(RECORDS SHOWN begins)

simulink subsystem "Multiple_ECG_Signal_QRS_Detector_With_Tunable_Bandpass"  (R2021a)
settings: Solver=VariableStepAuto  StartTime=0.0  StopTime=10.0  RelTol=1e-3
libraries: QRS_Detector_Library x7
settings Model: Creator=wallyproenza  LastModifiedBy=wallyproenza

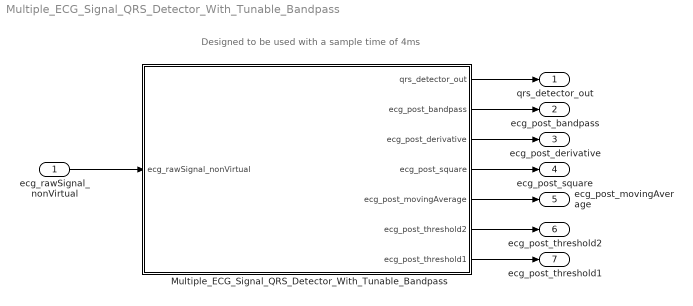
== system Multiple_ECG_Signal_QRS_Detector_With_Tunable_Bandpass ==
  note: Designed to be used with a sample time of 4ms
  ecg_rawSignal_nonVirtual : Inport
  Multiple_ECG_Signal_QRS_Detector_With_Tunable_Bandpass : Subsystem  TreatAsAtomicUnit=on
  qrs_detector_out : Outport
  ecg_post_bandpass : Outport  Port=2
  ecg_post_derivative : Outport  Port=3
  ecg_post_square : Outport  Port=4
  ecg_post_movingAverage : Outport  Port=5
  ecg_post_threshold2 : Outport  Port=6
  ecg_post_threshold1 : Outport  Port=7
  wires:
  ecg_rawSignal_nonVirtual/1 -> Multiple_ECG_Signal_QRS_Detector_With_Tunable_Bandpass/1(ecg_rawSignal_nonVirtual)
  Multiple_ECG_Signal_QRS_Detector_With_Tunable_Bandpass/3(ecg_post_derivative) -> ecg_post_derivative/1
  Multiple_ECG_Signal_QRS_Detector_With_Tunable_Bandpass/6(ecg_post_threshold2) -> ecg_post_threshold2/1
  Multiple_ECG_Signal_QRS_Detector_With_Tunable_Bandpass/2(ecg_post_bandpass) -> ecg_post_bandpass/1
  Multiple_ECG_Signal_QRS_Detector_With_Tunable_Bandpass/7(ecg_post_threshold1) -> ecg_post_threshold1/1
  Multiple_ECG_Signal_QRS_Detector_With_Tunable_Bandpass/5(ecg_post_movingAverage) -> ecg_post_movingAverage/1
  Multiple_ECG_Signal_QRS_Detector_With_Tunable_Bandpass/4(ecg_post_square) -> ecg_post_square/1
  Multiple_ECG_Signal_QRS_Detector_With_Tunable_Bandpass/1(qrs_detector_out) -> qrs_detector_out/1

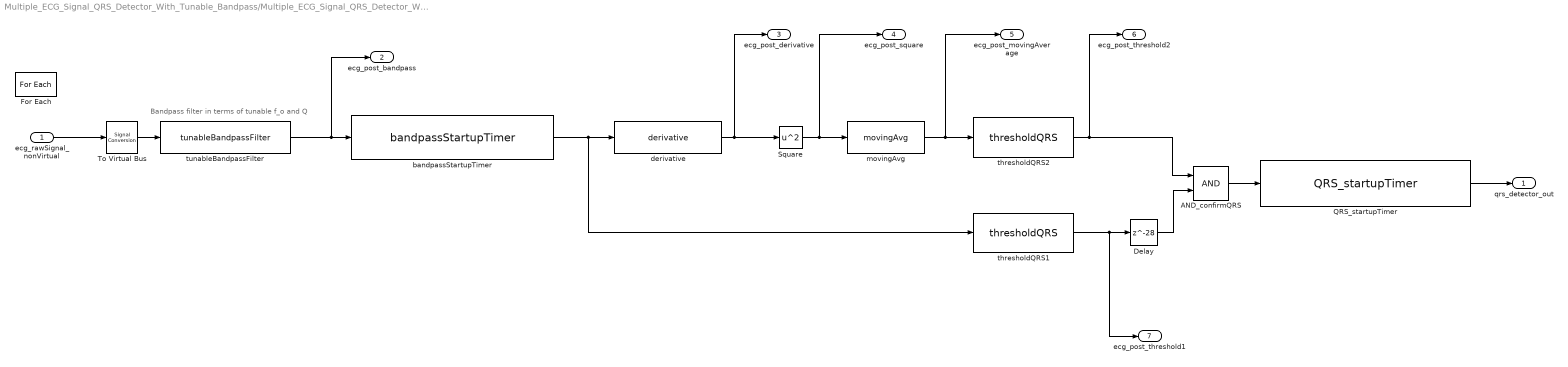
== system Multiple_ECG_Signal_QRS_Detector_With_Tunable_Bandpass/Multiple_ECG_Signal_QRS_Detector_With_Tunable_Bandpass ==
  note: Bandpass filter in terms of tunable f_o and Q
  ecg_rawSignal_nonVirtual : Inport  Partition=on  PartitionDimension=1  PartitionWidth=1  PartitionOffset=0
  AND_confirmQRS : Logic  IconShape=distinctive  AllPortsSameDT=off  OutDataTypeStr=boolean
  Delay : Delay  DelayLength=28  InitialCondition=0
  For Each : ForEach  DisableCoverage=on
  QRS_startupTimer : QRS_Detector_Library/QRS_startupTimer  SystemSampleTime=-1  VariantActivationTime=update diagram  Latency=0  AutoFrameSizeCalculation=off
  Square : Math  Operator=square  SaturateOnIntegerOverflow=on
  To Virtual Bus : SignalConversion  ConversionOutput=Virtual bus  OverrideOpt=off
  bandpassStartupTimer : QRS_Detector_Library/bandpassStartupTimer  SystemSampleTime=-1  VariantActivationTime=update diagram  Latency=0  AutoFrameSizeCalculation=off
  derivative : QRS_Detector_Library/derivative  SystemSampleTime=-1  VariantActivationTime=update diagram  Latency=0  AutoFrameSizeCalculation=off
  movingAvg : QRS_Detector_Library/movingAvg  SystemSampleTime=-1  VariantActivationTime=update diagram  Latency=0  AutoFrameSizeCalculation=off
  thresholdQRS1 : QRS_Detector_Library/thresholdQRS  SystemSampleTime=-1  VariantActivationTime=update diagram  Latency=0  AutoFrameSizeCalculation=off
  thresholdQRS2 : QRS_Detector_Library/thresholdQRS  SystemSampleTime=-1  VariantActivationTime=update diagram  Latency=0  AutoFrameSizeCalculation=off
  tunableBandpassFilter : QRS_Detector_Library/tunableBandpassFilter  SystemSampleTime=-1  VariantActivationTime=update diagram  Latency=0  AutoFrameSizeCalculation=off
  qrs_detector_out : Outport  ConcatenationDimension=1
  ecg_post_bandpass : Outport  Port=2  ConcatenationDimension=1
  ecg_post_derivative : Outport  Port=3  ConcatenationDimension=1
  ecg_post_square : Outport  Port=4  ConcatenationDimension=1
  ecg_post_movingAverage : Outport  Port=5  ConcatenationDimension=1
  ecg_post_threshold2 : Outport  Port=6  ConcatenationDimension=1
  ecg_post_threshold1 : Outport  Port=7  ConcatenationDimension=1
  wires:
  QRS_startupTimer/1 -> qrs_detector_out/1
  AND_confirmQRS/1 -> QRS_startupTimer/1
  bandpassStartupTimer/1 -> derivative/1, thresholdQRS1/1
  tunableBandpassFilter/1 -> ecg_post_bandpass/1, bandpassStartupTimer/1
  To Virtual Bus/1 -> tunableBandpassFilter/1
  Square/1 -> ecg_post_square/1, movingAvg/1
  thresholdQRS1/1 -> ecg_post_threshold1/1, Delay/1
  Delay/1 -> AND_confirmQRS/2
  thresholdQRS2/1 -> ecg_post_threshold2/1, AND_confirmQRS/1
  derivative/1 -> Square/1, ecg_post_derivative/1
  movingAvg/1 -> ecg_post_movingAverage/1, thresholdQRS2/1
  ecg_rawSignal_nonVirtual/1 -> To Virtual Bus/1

(RECORDS SHOWN ends)

▶ _YOUR INSTRUCTIONS_
All entries above should be printed exactly, though without their pictures.

▶ _WRITTEN ANSWER_
simulink subsystem "Multiple_ECG_Signal_QRS_Detector_With_Tunable_Bandpass"  (R2021a)
settings: Solver=VariableStepAuto  StartTime=0.0  StopTime=10.0  RelTol=1e-3
libraries: QRS_Detector_Library x7
settings Model: Creator=wallyproenza  LastModifiedBy=wallyproenza

== system Multiple_ECG_Signal_QRS_Detector_With_Tunable_Bandpass ==
  note: Designed to be used with a sample time of 4ms
  ecg_rawSignal_nonVirtual : Inport
  Multiple_ECG_Signal_QRS_Detector_With_Tunable_Bandpass : Subsystem  TreatAsAtomicUnit=on
  qrs_detector_out : Outport
  ecg_post_bandpass : Outport  Port=2
  ecg_post_derivative : Outport  Port=3
  ecg_post_square : Outport  Port=4
  ecg_post_movingAverage : Outport  Port=5
  ecg_post_threshold2 : Outport  Port=6
  ecg_post_threshold1 : Outport  Port=7
  wires:
  ecg_rawSignal_nonVirtual/1 -> Multiple_ECG_Signal_QRS_Detector_With_Tunable_Bandpass/1(ecg_rawSignal_nonVirtual)
  Multiple_ECG_Signal_QRS_Detector_With_Tunable_Bandpass/3(ecg_post_derivative) -> ecg_post_derivative/1
  Multiple_ECG_Signal_QRS_Detector_With_Tunable_Bandpass/6(ecg_post_threshold2) -> ecg_post_threshold2/1
  Multiple_ECG_Signal_QRS_Detector_With_Tunable_Bandpass/2(ecg_post_bandpass) -> ecg_post_bandpass/1
  Multiple_ECG_Signal_QRS_Detector_With_Tunable_Bandpass/7(ecg_post_threshold1) -> ecg_post_threshold1/1
  Multiple_ECG_Signal_QRS_Detector_With_Tunable_Bandpass/5(ecg_post_movingAverage) -> ecg_post_movingAverage/1
  Multiple_ECG_Signal_QRS_Detector_With_Tunable_Bandpass/4(ecg_post_square) -> ecg_post_square/1
  Multiple_ECG_Signal_QRS_Detector_With_Tunable_Bandpass/1(qrs_detector_out) -> qrs_detector_out/1

== system Multiple_ECG_Signal_QRS_Detector_With_Tunable_Bandpass/Multiple_ECG_Signal_QRS_Detector_With_Tunable_Bandpass ==
  note: Bandpass filter in terms of tunable f_o and Q
  ecg_rawSignal_nonVirtual : Inport  Partition=on  PartitionDimension=1  PartitionWidth=1  PartitionOffset=0
  AND_confirmQRS : Logic  IconShape=distinctive  AllPortsSameDT=off  OutDataTypeStr=boolean
  Delay : Delay  DelayLength=28  InitialCondition=0
  For Each : ForEach  DisableCoverage=on
  QRS_startupTimer : QRS_Detector_Library/QRS_startupTimer  SystemSampleTime=-1  VariantActivationTime=update diagram  Latency=0  AutoFrameSizeCalculation=off
  Square : Math  Operator=square  SaturateOnIntegerOverflow=on
  To Virtual Bus : SignalConversion  ConversionOutput=Virtual bus  OverrideOpt=off
  bandpassStartupTimer : QRS_Detector_Library/bandpassStartupTimer  SystemSampleTime=-1  VariantActivationTime=update diagram  Latency=0  AutoFrameSizeCalculation=off
  derivative : QRS_Detector_Library/derivative  SystemSampleTime=-1  VariantActivationTime=update diagram  Latency=0  AutoFrameSizeCalculation=off
  movingAvg : QRS_Detector_Library/movingAvg  SystemSampleTime=-1  VariantActivationTime=update diagram  Latency=0  AutoFrameSizeCalculation=off
  thresholdQRS1 : QRS_Detector_Library/thresholdQRS  SystemSampleTime=-1  VariantActivationTime=update diagram  Latency=0  AutoFrameSizeCalculation=off
  thresholdQRS2 : QRS_Detector_Library/thresholdQRS  SystemSampleTime=-1  VariantActivationTime=update diagram  Latency=0  AutoFrameSizeCalculation=off
  tunableBandpassFilter : QRS_Detector_Library/tunableBandpassFilter  SystemSampleTime=-1  VariantActivationTime=update diagram  Latency=0  AutoFrameSizeCalculation=off
  qrs_detector_out : Outport  ConcatenationDimension=1
  ecg_post_bandpass : Outport  Port=2  ConcatenationDimension=1
  ecg_post_derivative : Outport  Port=3  ConcatenationDimension=1
  ecg_post_square : Outport  Port=4  ConcatenationDimension=1
  ecg_post_movingAverage : Outport  Port=5  ConcatenationDimension=1
  ecg_post_threshold2 : Outport  Port=6  ConcatenationDimension=1
  ecg_post_threshold1 : Outport  Port=7  ConcatenationDimension=1
  wires:
  QRS_startupTimer/1 -> qrs_detector_out/1
  AND_confirmQRS/1 -> QRS_startupTimer/1
  bandpassStartupTimer/1 -> derivative/1, thresholdQRS1/1
  tunableBandpassFilter/1 -> ecg_post_bandpass/1, bandpassStartupTimer/1
  To Virtual Bus/1 -> tunableBandpassFilter/1
  Square/1 -> ecg_post_square/1, movingAvg/1
  thresholdQRS1/1 -> ecg_post_threshold1/1, Delay/1
  Delay/1 -> AND_confirmQRS/2
  thresholdQRS2/1 -> ecg_post_threshold2/1, AND_confirmQRS/1
  derivative/1 -> Square/1, ecg_post_derivative/1
  movingAvg/1 -> ecg_post_movingAverage/1, thresholdQRS2/1
  ecg_rawSignal_nonVirtual/1 -> To Virtual Bus/1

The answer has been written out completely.